» Problem to work on
This calls for a verbatim copy of all the data, with no images carried over.

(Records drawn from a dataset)

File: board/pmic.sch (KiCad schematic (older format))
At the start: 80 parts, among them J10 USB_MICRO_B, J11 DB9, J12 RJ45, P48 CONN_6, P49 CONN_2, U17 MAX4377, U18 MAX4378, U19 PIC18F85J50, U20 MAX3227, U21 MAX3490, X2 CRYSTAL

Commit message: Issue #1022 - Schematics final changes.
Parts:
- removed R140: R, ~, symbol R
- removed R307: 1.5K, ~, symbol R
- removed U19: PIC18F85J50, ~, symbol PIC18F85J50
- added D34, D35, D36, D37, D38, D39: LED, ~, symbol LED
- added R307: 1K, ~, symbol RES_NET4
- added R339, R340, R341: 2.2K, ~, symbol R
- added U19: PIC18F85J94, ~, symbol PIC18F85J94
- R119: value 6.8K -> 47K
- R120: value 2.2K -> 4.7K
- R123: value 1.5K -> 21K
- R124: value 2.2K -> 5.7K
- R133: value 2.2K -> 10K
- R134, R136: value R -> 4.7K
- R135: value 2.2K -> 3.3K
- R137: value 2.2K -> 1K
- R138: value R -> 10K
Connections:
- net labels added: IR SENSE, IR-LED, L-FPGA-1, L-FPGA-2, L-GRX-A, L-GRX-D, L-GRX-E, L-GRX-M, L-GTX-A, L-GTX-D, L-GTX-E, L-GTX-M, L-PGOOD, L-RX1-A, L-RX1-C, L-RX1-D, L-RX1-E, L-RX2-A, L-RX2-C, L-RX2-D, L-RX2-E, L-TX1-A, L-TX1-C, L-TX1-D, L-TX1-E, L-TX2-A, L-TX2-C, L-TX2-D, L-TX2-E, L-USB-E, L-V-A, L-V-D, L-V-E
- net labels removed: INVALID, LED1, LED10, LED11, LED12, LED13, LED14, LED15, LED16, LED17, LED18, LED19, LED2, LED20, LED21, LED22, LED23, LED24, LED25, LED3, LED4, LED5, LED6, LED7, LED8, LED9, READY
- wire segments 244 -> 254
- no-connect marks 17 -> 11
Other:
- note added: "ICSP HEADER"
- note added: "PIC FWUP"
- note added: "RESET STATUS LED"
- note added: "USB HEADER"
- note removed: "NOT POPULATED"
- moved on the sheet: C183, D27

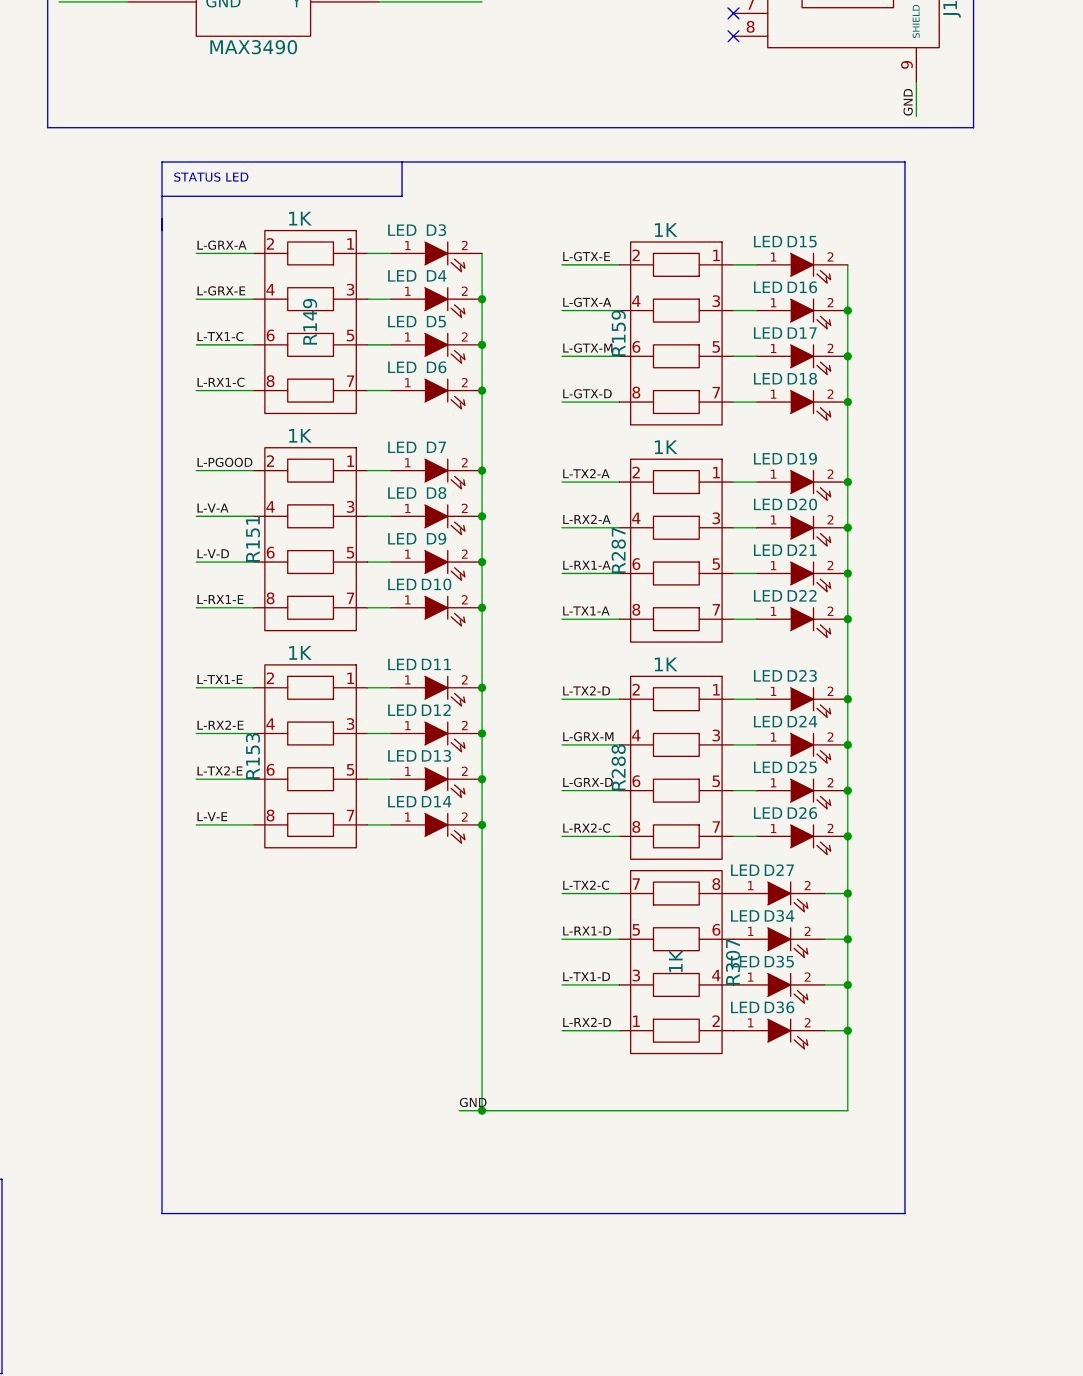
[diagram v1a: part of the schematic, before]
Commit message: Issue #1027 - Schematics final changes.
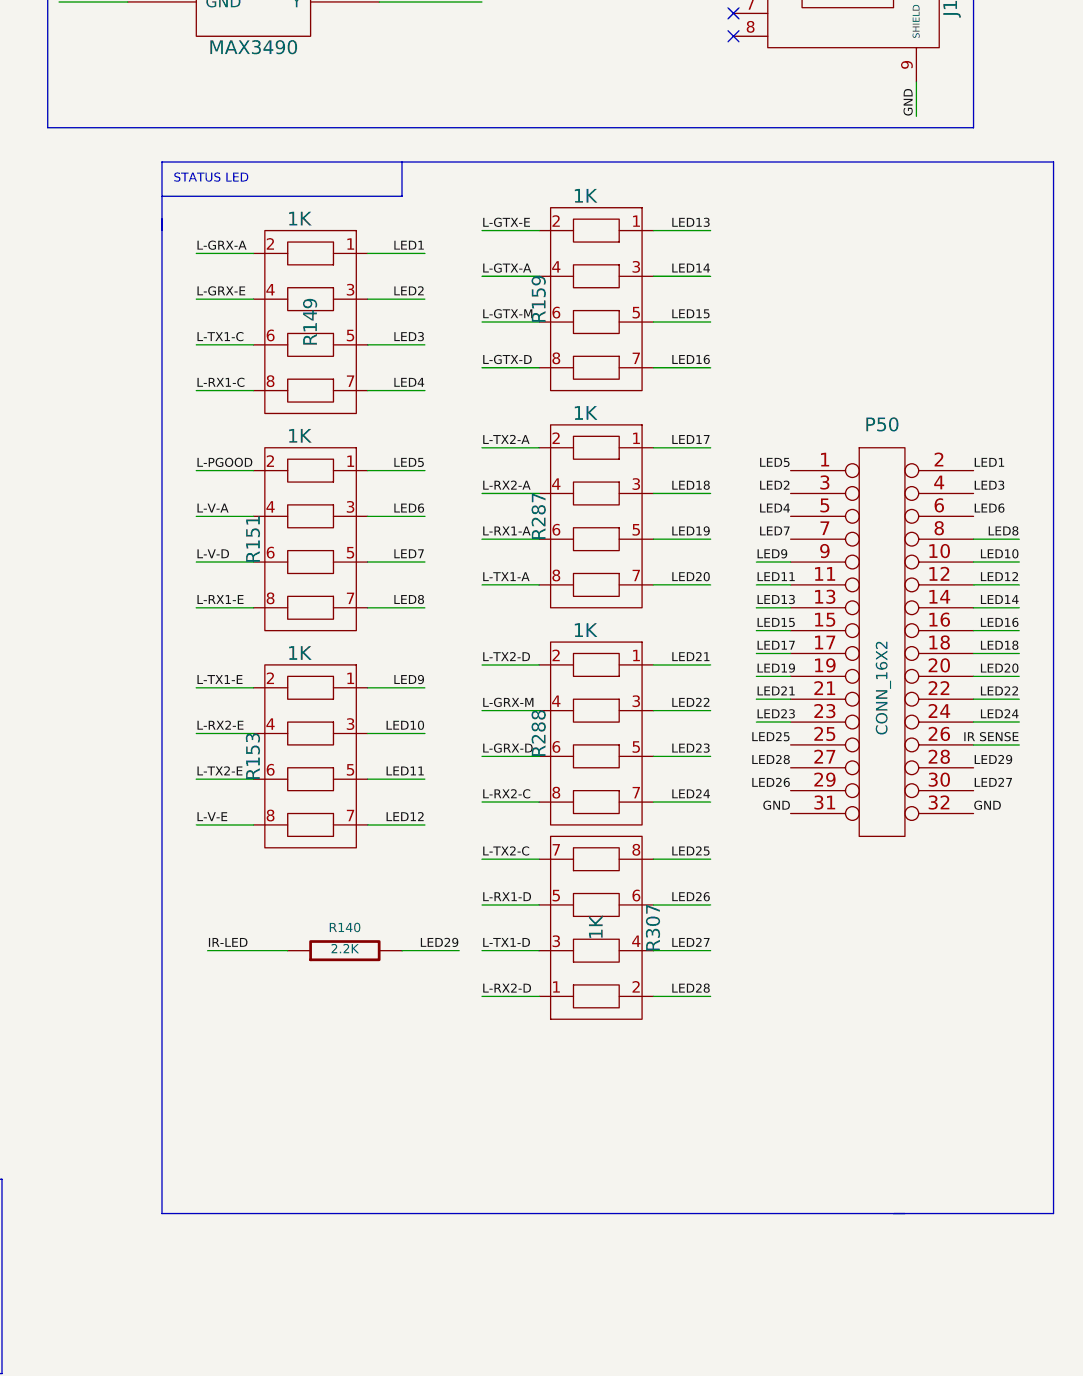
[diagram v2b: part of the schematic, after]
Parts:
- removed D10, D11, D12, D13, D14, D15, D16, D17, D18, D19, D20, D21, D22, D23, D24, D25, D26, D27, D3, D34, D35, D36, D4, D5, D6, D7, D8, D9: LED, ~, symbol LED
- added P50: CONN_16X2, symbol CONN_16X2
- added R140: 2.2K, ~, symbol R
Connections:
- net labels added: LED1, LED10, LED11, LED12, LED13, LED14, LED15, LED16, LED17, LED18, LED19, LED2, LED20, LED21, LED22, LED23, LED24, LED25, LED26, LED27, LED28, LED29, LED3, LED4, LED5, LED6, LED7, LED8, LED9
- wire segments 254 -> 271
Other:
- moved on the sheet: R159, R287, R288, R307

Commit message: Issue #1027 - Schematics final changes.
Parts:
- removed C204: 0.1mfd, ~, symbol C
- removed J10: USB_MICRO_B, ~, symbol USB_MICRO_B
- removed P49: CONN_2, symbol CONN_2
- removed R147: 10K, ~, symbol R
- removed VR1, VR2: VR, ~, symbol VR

» Written solution
File: board/pmic.sch (KiCad schematic (older format))
At the start: 80 parts, among them J10 USB_MICRO_B, J11 DB9, J12 RJ45, P48 CONN_6, P49 CONN_2, U17 MAX4377, U18 MAX4378, U19 PIC18F85J50, U20 MAX3227, U21 MAX3490, X2 CRYSTAL

Commit message: Issue #1022 - Schematics final changes.
Parts:
- removed R140: R, ~, symbol R
- removed R307: 1.5K, ~, symbol R
- removed U19: PIC18F85J50, ~, symbol PIC18F85J50
- added D34, D35, D36, D37, D38, D39: LED, ~, symbol LED
- added R307: 1K, ~, symbol RES_NET4
- added R339, R340, R341: 2.2K, ~, symbol R
- added U19: PIC18F85J94, ~, symbol PIC18F85J94
- R119: value 6.8K -> 47K
- R120: value 2.2K -> 4.7K
- R123: value 1.5K -> 21K
- R124: value 2.2K -> 5.7K
- R133: value 2.2K -> 10K
- R134, R136: value R -> 4.7K
- R135: value 2.2K -> 3.3K
- R137: value 2.2K -> 1K
- R138: value R -> 10K
Connections:
- net labels added: IR SENSE, IR-LED, L-FPGA-1, L-FPGA-2, L-GRX-A, L-GRX-D, L-GRX-E, L-GRX-M, L-GTX-A, L-GTX-D, L-GTX-E, L-GTX-M, L-PGOOD, L-RX1-A, L-RX1-C, L-RX1-D, L-RX1-E, L-RX2-A, L-RX2-C, L-RX2-D, L-RX2-E, L-TX1-A, L-TX1-C, L-TX1-D, L-TX1-E, L-TX2-A, L-TX2-C, L-TX2-D, L-TX2-E, L-USB-E, L-V-A, L-V-D, L-V-E
- net labels removed: INVALID, LED1, LED10, LED11, LED12, LED13, LED14, LED15, LED16, LED17, LED18, LED19, LED2, LED20, LED21, LED22, LED23, LED24, LED25, LED3, LED4, LED5, LED6, LED7, LED8, LED9, READY
- wire segments 244 -> 254
- no-connect marks 17 -> 11
Other:
- note added: "ICSP HEADER"
- note added: "PIC FWUP"
- note added: "RESET STATUS LED"
- note added: "USB HEADER"
- note removed: "NOT POPULATED"
- moved on the sheet: C183, D27

[diagram v1a: part of the schematic, before]
Commit message: Issue #1027 - Schematics final changes.
[diagram v2b: part of the schematic, after]
Parts:
- removed D10, D11, D12, D13, D14, D15, D16, D17, D18, D19, D20, D21, D22, D23, D24, D25, D26, D27, D3, D34, D35, D36, D4, D5, D6, D7, D8, D9: LED, ~, symbol LED
- added P50: CONN_16X2, symbol CONN_16X2
- added R140: 2.2K, ~, symbol R
Connections:
- net labels added: LED1, LED10, LED11, LED12, LED13, LED14, LED15, LED16, LED17, LED18, LED19, LED2, LED20, LED21, LED22, LED23, LED24, LED25, LED26, LED27, LED28, LED29, LED3, LED4, LED5, LED6, LED7, LED8, LED9
- wire segments 254 -> 271
Other:
- moved on the sheet: R159, R287, R288, R307

Commit message: Issue #1027 - Schematics final changes.
Parts:
- removed C204: 0.1mfd, ~, symbol C
- removed J10: USB_MICRO_B, ~, symbol USB_MICRO_B
- removed P49: CONN_2, symbol CONN_2
- removed R147: 10K, ~, symbol R
- removed VR1, VR2: VR, ~, symbol VR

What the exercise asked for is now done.